- **EXERCISE DETAILS**:
Instruction for the data below: set down exactly the lines from the line with "line L4 (4.825, 2.67) -> (4.825, 1.69)" to the line with "constraints: 8 end", inclusive, and no others.

Records from a collection:
------------

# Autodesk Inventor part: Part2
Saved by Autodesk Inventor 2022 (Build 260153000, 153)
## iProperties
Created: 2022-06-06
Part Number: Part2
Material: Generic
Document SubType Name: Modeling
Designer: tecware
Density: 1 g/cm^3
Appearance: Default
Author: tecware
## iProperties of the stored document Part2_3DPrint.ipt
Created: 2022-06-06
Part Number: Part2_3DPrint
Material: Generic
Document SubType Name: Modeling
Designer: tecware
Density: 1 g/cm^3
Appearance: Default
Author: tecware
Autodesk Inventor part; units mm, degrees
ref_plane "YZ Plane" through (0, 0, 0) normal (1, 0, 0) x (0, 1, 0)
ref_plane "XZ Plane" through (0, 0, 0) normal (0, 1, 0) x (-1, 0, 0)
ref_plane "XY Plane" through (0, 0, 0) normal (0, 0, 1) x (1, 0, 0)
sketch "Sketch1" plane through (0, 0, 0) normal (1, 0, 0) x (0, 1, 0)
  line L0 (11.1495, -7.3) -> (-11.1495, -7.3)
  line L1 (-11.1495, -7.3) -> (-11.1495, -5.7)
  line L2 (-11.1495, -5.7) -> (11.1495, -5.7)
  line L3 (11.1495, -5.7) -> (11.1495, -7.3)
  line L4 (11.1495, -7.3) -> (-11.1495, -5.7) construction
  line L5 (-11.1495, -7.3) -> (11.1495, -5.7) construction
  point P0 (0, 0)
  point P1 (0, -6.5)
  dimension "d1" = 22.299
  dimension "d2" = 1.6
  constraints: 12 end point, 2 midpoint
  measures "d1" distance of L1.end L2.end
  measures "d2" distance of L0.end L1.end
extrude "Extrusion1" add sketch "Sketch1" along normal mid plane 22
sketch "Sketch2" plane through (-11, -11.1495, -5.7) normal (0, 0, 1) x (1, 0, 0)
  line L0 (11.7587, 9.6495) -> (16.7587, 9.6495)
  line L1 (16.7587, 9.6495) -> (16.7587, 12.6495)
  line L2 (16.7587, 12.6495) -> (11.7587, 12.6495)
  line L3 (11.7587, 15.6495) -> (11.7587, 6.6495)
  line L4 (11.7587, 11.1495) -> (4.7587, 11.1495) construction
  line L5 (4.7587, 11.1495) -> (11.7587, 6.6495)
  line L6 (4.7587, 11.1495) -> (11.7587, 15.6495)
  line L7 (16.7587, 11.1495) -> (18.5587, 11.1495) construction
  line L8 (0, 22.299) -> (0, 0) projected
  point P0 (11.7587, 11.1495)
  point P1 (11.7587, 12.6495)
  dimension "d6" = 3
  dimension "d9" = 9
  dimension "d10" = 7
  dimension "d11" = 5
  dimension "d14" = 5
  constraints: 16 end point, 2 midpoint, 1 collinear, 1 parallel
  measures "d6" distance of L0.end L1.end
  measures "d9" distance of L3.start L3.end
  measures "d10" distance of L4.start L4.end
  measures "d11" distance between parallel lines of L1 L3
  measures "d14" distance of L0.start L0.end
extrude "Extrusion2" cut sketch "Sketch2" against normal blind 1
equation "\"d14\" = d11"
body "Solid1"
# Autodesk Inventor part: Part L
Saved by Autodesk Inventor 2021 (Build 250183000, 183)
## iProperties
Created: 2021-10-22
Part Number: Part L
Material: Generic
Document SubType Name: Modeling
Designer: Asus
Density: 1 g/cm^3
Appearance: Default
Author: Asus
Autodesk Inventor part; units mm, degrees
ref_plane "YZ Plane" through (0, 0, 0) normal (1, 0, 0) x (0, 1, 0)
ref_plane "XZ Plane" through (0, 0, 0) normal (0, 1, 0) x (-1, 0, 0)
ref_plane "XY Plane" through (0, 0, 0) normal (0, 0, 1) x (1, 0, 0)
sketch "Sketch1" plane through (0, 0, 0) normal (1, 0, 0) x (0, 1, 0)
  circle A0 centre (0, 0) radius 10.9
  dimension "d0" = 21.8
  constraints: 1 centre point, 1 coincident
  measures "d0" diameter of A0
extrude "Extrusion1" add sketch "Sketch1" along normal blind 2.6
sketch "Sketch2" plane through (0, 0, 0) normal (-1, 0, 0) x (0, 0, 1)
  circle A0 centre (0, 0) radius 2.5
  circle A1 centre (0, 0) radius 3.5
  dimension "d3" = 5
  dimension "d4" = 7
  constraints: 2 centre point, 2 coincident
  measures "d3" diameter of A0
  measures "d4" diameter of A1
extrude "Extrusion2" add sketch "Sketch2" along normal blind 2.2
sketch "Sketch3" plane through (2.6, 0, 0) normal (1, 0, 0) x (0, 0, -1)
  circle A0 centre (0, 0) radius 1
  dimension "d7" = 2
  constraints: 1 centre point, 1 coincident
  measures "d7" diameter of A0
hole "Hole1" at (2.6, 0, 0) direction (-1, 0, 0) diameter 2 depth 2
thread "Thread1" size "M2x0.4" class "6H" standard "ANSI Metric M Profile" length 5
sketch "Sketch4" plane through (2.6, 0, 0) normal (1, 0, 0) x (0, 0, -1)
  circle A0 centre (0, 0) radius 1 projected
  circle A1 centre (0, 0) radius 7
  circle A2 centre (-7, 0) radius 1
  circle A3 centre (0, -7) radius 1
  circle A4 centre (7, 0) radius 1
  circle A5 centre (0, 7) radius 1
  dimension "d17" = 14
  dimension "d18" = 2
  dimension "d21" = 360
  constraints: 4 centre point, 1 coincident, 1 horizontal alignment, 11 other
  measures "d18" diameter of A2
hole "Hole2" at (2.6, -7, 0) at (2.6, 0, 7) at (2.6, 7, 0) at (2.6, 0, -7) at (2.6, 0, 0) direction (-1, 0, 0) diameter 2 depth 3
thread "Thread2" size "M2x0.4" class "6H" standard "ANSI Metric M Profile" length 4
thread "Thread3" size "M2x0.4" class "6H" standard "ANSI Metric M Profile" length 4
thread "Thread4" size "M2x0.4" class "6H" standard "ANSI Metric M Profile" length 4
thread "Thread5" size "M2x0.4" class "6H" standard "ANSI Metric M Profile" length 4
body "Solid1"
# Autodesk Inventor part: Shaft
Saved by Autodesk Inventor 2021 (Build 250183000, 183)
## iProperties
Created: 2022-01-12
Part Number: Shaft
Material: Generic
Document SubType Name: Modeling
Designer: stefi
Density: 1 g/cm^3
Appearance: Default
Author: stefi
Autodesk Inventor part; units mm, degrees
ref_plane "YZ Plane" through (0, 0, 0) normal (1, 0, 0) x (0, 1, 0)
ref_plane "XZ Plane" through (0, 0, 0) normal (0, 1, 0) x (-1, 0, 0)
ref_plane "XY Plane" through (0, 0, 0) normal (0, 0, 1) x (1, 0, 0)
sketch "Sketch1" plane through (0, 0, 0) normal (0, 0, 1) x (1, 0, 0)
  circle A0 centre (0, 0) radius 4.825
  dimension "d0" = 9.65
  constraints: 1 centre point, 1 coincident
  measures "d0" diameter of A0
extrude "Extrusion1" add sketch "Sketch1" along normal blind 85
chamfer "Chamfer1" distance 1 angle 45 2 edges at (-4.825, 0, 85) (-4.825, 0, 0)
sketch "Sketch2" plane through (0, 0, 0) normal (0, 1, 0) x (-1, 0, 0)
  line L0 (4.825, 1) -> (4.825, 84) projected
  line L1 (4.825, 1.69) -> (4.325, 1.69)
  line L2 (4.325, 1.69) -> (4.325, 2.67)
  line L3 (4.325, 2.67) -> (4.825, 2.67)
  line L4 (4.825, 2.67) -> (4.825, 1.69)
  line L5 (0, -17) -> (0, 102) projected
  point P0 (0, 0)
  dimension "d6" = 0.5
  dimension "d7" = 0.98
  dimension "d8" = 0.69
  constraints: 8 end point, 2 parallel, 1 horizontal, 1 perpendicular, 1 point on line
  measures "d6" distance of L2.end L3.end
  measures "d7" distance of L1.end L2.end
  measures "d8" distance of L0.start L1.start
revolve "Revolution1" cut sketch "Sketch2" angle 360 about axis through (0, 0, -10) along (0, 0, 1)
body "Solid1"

------------

- **OUTPUT FOR THIS TASK**:
  line L4 (4.825, 2.67) -> (4.825, 1.69)
  line L5 (0, -17) -> (0, 102) projected
  point P0 (0, 0)
  dimension "d6" = 0.5
  dimension "d7" = 0.98
  dimension "d8" = 0.69
  constraints: 8 end point, 2 parallel, 1 horizontal, 1 perpendicular, 1 point on line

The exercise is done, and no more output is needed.